Projekt deklaracji politycznej na temat przyszłych relacji między UE i Wielką Brytanią po wyjściu tego kraju ze Wspólnoty został uzgodniony na poziomie negocjatorów i wstępnie poparty na poziomie politycznym - poinformował szef Rady Europejskiej Donald Tusk.
Tekst został przez Tuska przesłany do 27 krajów członkowskich, kiedy szef KE Jean Claude-Juncker przekazał mu informację na temat osiągniętego porozumienia. W niedzielę tekst deklaracji mają zatwierdzić szefowie państw i rządów unijnej "27".
Z informacji ze źródeł unijnych wynika, że nie wszystkie problemy są jednak rozwiązane. Otwarty pozostaje problem Gibraltaru, przez który Hiszpania grozi zablokowaniem umowy.

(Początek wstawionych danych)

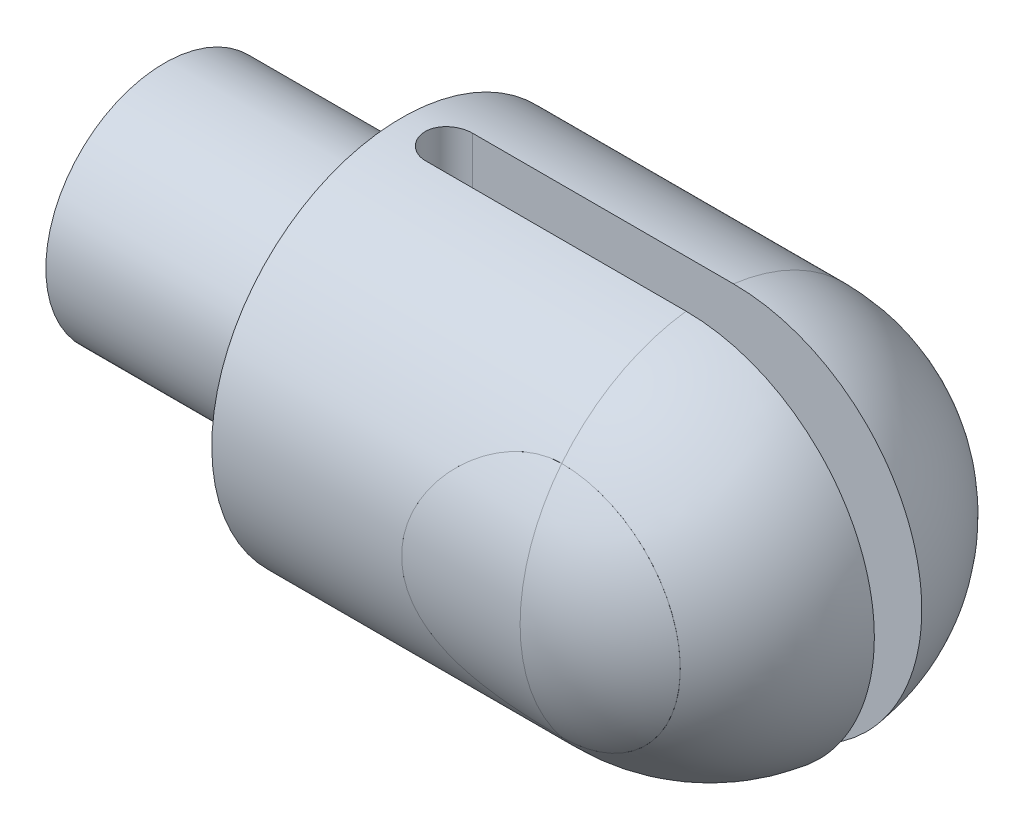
ISO-10303-21;
HEADER;
FILE_DESCRIPTION(('STEP AP214'),'2;1');
FILE_NAME('part.step','',(''),(''),'','','');
FILE_SCHEMA(('AUTOMOTIVE_DESIGN { 1 0 10303 214 1 1 1 1 }'));
ENDSEC;
DATA;
#1=APPLICATION_CONTEXT('core data for automotive mechanical design processes');
#2=APPLICATION_PROTOCOL_DEFINITION('international standard','automotive_design',2000,#1);
#3=PRODUCT_CONTEXT('',#1,'mechanical');
#4=PRODUCT('Part','Part','',(#3));
#5=PRODUCT_RELATED_PRODUCT_CATEGORY('part','',(#4));
#6=PRODUCT_DEFINITION_FORMATION('','',#4);
#7=PRODUCT_DEFINITION_CONTEXT('part definition',#1,'design');
#8=PRODUCT_DEFINITION('design','',#6,#7);
#9=PRODUCT_DEFINITION_SHAPE('','',#8);
#10=(LENGTH_UNIT() NAMED_UNIT(*) SI_UNIT(.MILLI.,.METRE.));
#11=(NAMED_UNIT(*) PLANE_ANGLE_UNIT() SI_UNIT($,.RADIAN.));
#12=(NAMED_UNIT(*) SI_UNIT($,.STERADIAN.) SOLID_ANGLE_UNIT());
#13=UNCERTAINTY_MEASURE_WITH_UNIT(LENGTH_MEASURE(1.E-05),#10,'distance_accuracy_value','');
#14=(GEOMETRIC_REPRESENTATION_CONTEXT(3) GLOBAL_UNCERTAINTY_ASSIGNED_CONTEXT((#13)) GLOBAL_UNIT_ASSIGNED_CONTEXT((#10,
#11,#12)) REPRESENTATION_CONTEXT('',''));
#15=CARTESIAN_POINT('',(0.,0.,0.));
#16=DIRECTION('',(0.,0.,1.));
#17=DIRECTION('',(1.,0.,0.));
#18=AXIS2_PLACEMENT_3D('',#15,#16,#17);
#19=CARTESIAN_POINT('',(23.0027460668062,0.,10.47));
#20=DIRECTION('',(0.,0.,-1.));
#21=DIRECTION('',(-1.,0.,0.));
#22=AXIS2_PLACEMENT_3D('',#19,#20,#21);
#23=CYLINDRICAL_SURFACE('',#22,5.);
#24=CARTESIAN_POINT('',(23.0027460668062,0.,-6.2449979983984));
#25=DIRECTION('',(0.,0.,1.));
#26=DIRECTION('',(1.,0.,0.));
#27=AXIS2_PLACEMENT_3D('',#24,#25,#26);
#28=CIRCLE('',#27,5.);
#29=CARTESIAN_POINT('',(23.0027460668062,5.,-6.2449979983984));
#30=VERTEX_POINT('',#29);
#31=CARTESIAN_POINT('',(23.0027460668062,-5.,-6.2449979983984));
#32=VERTEX_POINT('',#31);
#33=EDGE_CURVE('E74',#30,#32,#28,.F.);
#34=ORIENTED_EDGE('',*,*,#33,.F.);
#35=CARTESIAN_POINT('',(18.0027460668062,0.,-8.));
#36=CARTESIAN_POINT('',(18.0027463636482,0.127079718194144,-7.99999969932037));
#37=CARTESIAN_POINT('',(18.0075972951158,0.254165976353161,-7.99696526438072));
#38=CARTESIAN_POINT('',(18.02693352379,0.507365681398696,-7.98490163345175));
#39=CARTESIAN_POINT('',(18.0414230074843,0.633478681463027,-7.97586983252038));
#40=CARTESIAN_POINT('',(18.0798582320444,0.883879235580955,-7.95201844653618));
#41=CARTESIAN_POINT('',(18.1038172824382,1.00816396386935,-7.93719071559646));
#42=CARTESIAN_POINT('',(18.1608762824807,1.25388007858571,-7.90210083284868));
#43=CARTESIAN_POINT('',(18.1939800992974,1.3753102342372,-7.88183638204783));
#44=CARTESIAN_POINT('',(18.2687136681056,1.61383677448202,-7.83646507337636));
#45=CARTESIAN_POINT('',(18.3102961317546,1.73095311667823,-7.81138511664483));
#46=CARTESIAN_POINT('',(18.4016445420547,1.96091650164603,-7.75685494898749));
#47=CARTESIAN_POINT('',(18.4514136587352,2.07376186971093,-7.7274030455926));
#48=CARTESIAN_POINT('',(18.6122427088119,2.40491190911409,-7.63340708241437));
#49=CARTESIAN_POINT('',(18.7349095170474,2.61609848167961,-7.5631697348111));
#50=CARTESIAN_POINT('',(19.0183000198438,3.03193014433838,-7.40680295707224));
#51=CARTESIAN_POINT('',(19.1812806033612,3.23470598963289,-7.31985233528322));
#52=CARTESIAN_POINT('',(19.5356454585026,3.61195776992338,-7.1412401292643));
#53=CARTESIAN_POINT('',(19.7270678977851,3.78639500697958,-7.04957232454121));
#54=CARTESIAN_POINT('',(20.0470318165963,4.03551059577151,-6.90836217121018));
#55=CARTESIAN_POINT('',(20.1670331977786,4.12074022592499,-6.85772204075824));
#56=CARTESIAN_POINT('',(20.414897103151,4.28074637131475,-6.758996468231));
#57=CARTESIAN_POINT('',(20.5427610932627,4.35552092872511,-6.71091150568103));
#58=CARTESIAN_POINT('',(20.8056302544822,4.49385262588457,-6.61907677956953));
#59=CARTESIAN_POINT('',(20.9406239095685,4.55742717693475,-6.57532033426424));
#60=CARTESIAN_POINT('',(21.2173685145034,4.67278116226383,-6.49385156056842));
#61=CARTESIAN_POINT('',(21.3591194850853,4.72456056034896,-6.45613925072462));
#62=CARTESIAN_POINT('',(21.6108796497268,4.80367778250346,-6.39737739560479));
#63=CARTESIAN_POINT('',(21.7195821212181,4.83387146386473,-6.37454329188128));
#64=CARTESIAN_POINT('',(21.9396652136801,4.8869893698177,-6.33391313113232));
#65=CARTESIAN_POINT('',(22.0510452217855,4.90991524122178,-6.31611593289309));
#66=CARTESIAN_POINT('',(22.2757224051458,4.94817199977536,-6.2861900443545));
#67=CARTESIAN_POINT('',(22.3890171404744,4.96351189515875,-6.27405463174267));
#68=CARTESIAN_POINT('',(22.6168873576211,4.98640391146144,-6.25587655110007));
#69=CARTESIAN_POINT('',(22.7314628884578,4.99395573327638,-6.249834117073));
#70=CARTESIAN_POINT('',(22.9613047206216,5.00115324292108,-6.24407626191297));
#71=CARTESIAN_POINT('',(23.0765720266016,5.00077951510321,-6.24437637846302));
#72=CARTESIAN_POINT('',(23.3066520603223,4.99208386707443,-6.2513301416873));
#73=CARTESIAN_POINT('',(23.4214646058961,4.98375903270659,-6.25798611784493));
#74=CARTESIAN_POINT('',(23.6497671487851,4.95928874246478,-6.27739584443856));
#75=CARTESIAN_POINT('',(23.7632567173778,4.94314081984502,-6.29015151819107));
#76=CARTESIAN_POINT('',(23.9881322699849,4.90327193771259,-6.32127805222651));
#77=CARTESIAN_POINT('',(24.0995173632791,4.87954784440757,-6.33965123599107));
#78=CARTESIAN_POINT('',(24.4243660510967,4.79874186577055,-6.40129934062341));
#79=CARTESIAN_POINT('',(24.6340385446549,4.73140686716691,-6.4516270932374));
#80=CARTESIAN_POINT('',(25.0394281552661,4.57160139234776,-6.565824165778));
#81=CARTESIAN_POINT('',(25.2351403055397,4.47912202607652,-6.62969827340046));
#82=CARTESIAN_POINT('',(25.6460607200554,4.25180409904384,-6.77818972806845));
#83=CARTESIAN_POINT('',(25.8580812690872,4.1122797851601,-6.86445305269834));
#84=CARTESIAN_POINT('',(26.2580952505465,3.80349790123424,-7.04023909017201));
#85=CARTESIAN_POINT('',(26.4460636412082,3.63420977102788,-7.12976507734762));
#86=CARTESIAN_POINT('',(26.7223146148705,3.34462792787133,-7.26825220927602));
#87=CARTESIAN_POINT('',(26.8194888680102,3.23332743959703,-7.31856628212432));
#88=CARTESIAN_POINT('',(27.0040971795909,3.00184758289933,-7.4165140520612));
#89=CARTESIAN_POINT('',(27.0915348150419,2.88167150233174,-7.464148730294));
#90=CARTESIAN_POINT('',(27.2559792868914,2.63291547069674,-7.55548277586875));
#91=CARTESIAN_POINT('',(27.3329833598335,2.50433330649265,-7.59918109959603));
#92=CARTESIAN_POINT('',(27.4756713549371,2.23953943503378,-7.68138405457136));
#93=CARTESIAN_POINT('',(27.5413622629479,2.1033325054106,-7.71989188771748));
#94=CARTESIAN_POINT('',(27.6574149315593,1.83158498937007,-7.78870197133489));
#95=CARTESIAN_POINT('',(27.7084083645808,1.69639792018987,-7.81933279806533));
#96=CARTESIAN_POINT('',(27.7987670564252,1.42097512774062,-7.87404113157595));
#97=CARTESIAN_POINT('',(27.8381389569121,1.2807423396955,-7.89812238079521));
#98=CARTESIAN_POINT('',(27.9046134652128,0.996484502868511,-7.9389934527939));
#99=CARTESIAN_POINT('',(27.9317271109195,0.852462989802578,-7.95578983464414));
#100=CARTESIAN_POINT('',(27.9732364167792,0.561915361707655,-7.98157299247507));
#101=CARTESIAN_POINT('',(27.9876342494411,0.415389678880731,-7.99056110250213));
#102=CARTESIAN_POINT('',(28.0022662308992,0.143238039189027,-7.99969867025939));
#103=CARTESIAN_POINT('',(28.0042869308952,0.017741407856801,-8.00096292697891));
#104=CARTESIAN_POINT('',(27.998888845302,-0.232966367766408,-7.99758945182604));
#105=CARTESIAN_POINT('',(27.9914706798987,-0.358177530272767,-7.9929521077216));
#106=CARTESIAN_POINT('',(27.9673022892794,-0.60732783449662,-7.97789005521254));
#107=CARTESIAN_POINT('',(27.9505529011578,-0.731267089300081,-7.96746586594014));
#108=CARTESIAN_POINT('',(27.9079553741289,-0.97696969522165,-7.9410830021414));
#109=CARTESIAN_POINT('',(27.8821070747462,-1.09873300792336,-7.92512423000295));
#110=CARTESIAN_POINT('',(27.8228366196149,-1.33450834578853,-7.88877344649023));
#111=CARTESIAN_POINT('',(27.7897534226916,-1.44863666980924,-7.86858112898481));
#112=CARTESIAN_POINT('',(27.7158570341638,-1.67350231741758,-7.82384532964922));
#113=CARTESIAN_POINT('',(27.6750412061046,-1.78423846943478,-7.7993003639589));
#114=CARTESIAN_POINT('',(27.5415962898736,-2.11043845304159,-7.7198451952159));
#115=CARTESIAN_POINT('',(27.4379233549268,-2.32007565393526,-7.65908557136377));
#116=CARTESIAN_POINT('',(27.1926740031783,-2.74037159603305,-7.51959499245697));
#117=CARTESIAN_POINT('',(27.0483279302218,-2.94899750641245,-7.43966908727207));
#118=CARTESIAN_POINT('',(26.731574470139,-3.340560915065,-7.27228030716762));
#119=CARTESIAN_POINT('',(26.5591359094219,-3.52346945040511,-7.18480911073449));
#120=CARTESIAN_POINT('',(26.1622010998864,-3.88590040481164,-6.99623419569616));
#121=CARTESIAN_POINT('',(25.9337816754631,-4.06107692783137,-6.89499476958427));
#122=CARTESIAN_POINT('',(25.4472584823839,-4.37121122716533,-6.70267107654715));
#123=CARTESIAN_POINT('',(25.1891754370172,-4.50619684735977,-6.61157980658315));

Jeden z unijnych dyplomatów powiedział PAP, że ma nadzieję, iż problem ten uda się rozwiązać przed niedzielnym szczytem.
W czwartek na temat porozumienia rozmawiali unijni ambasadorowie, na piątek zaplanowane jest spotkanie wysłanników szefów państw i rządów (tzw. szerpów - w Polsce jest nim minister ds. europejskich Konrad Szymański). W sobotę brytyjska premier Theresa May ma drugi raz w tym tygodniu przyjechać do Brukseli na spotkanie z szefem Komisji Europejskiej.
W liczącym ponad 20 stron projekcie deklaracji, który widziała PAP, zapisano, że ustanawia ona parametry dla ambitnego, szerokiego i elastycznego partnerstwa dotyczącego współpracy handlowej i ekonomicznej, egzekwowania prawa, polityki zagranicznej, bezpieczeństwa, obrony, sprawiedliwości i szerszych obszarów współpracy.
Przyszłe relacje mają być oparte na równowadze pomiędzy prawami i obowiązkami obu stron. Partnerstwo gospodarcze ma obejmować strefę wolnego handlu, jak również szerszą sektorową współpracę, tam, gdzie leży to w obopólnym interesie.
W kwestiach spornych tekst jest ogólny - strony m.in. zgodziły się, że chcą mieć tak bliskie jak to możliwe relacje dotyczące handlu dobrami. Część państw członkowskich chciała zagwarantowania, że Wielka Brytania nie będzie w stanie sprzedawać w UE tańszych towarów (m.in. przez niższe koszty związane ze środowiskiem czy ochroną pracowników).
Inny z problemów, który pozostał do rozwiązania, to kwestia dostępu do brytyjskich łowisk dla rybaków z krajów UE. W deklaracji zapisano, że obie strony będą się starały wypracować i ratyfikować nowe porozumienie dotyczące rybołówstwa do lipca 2020 roku.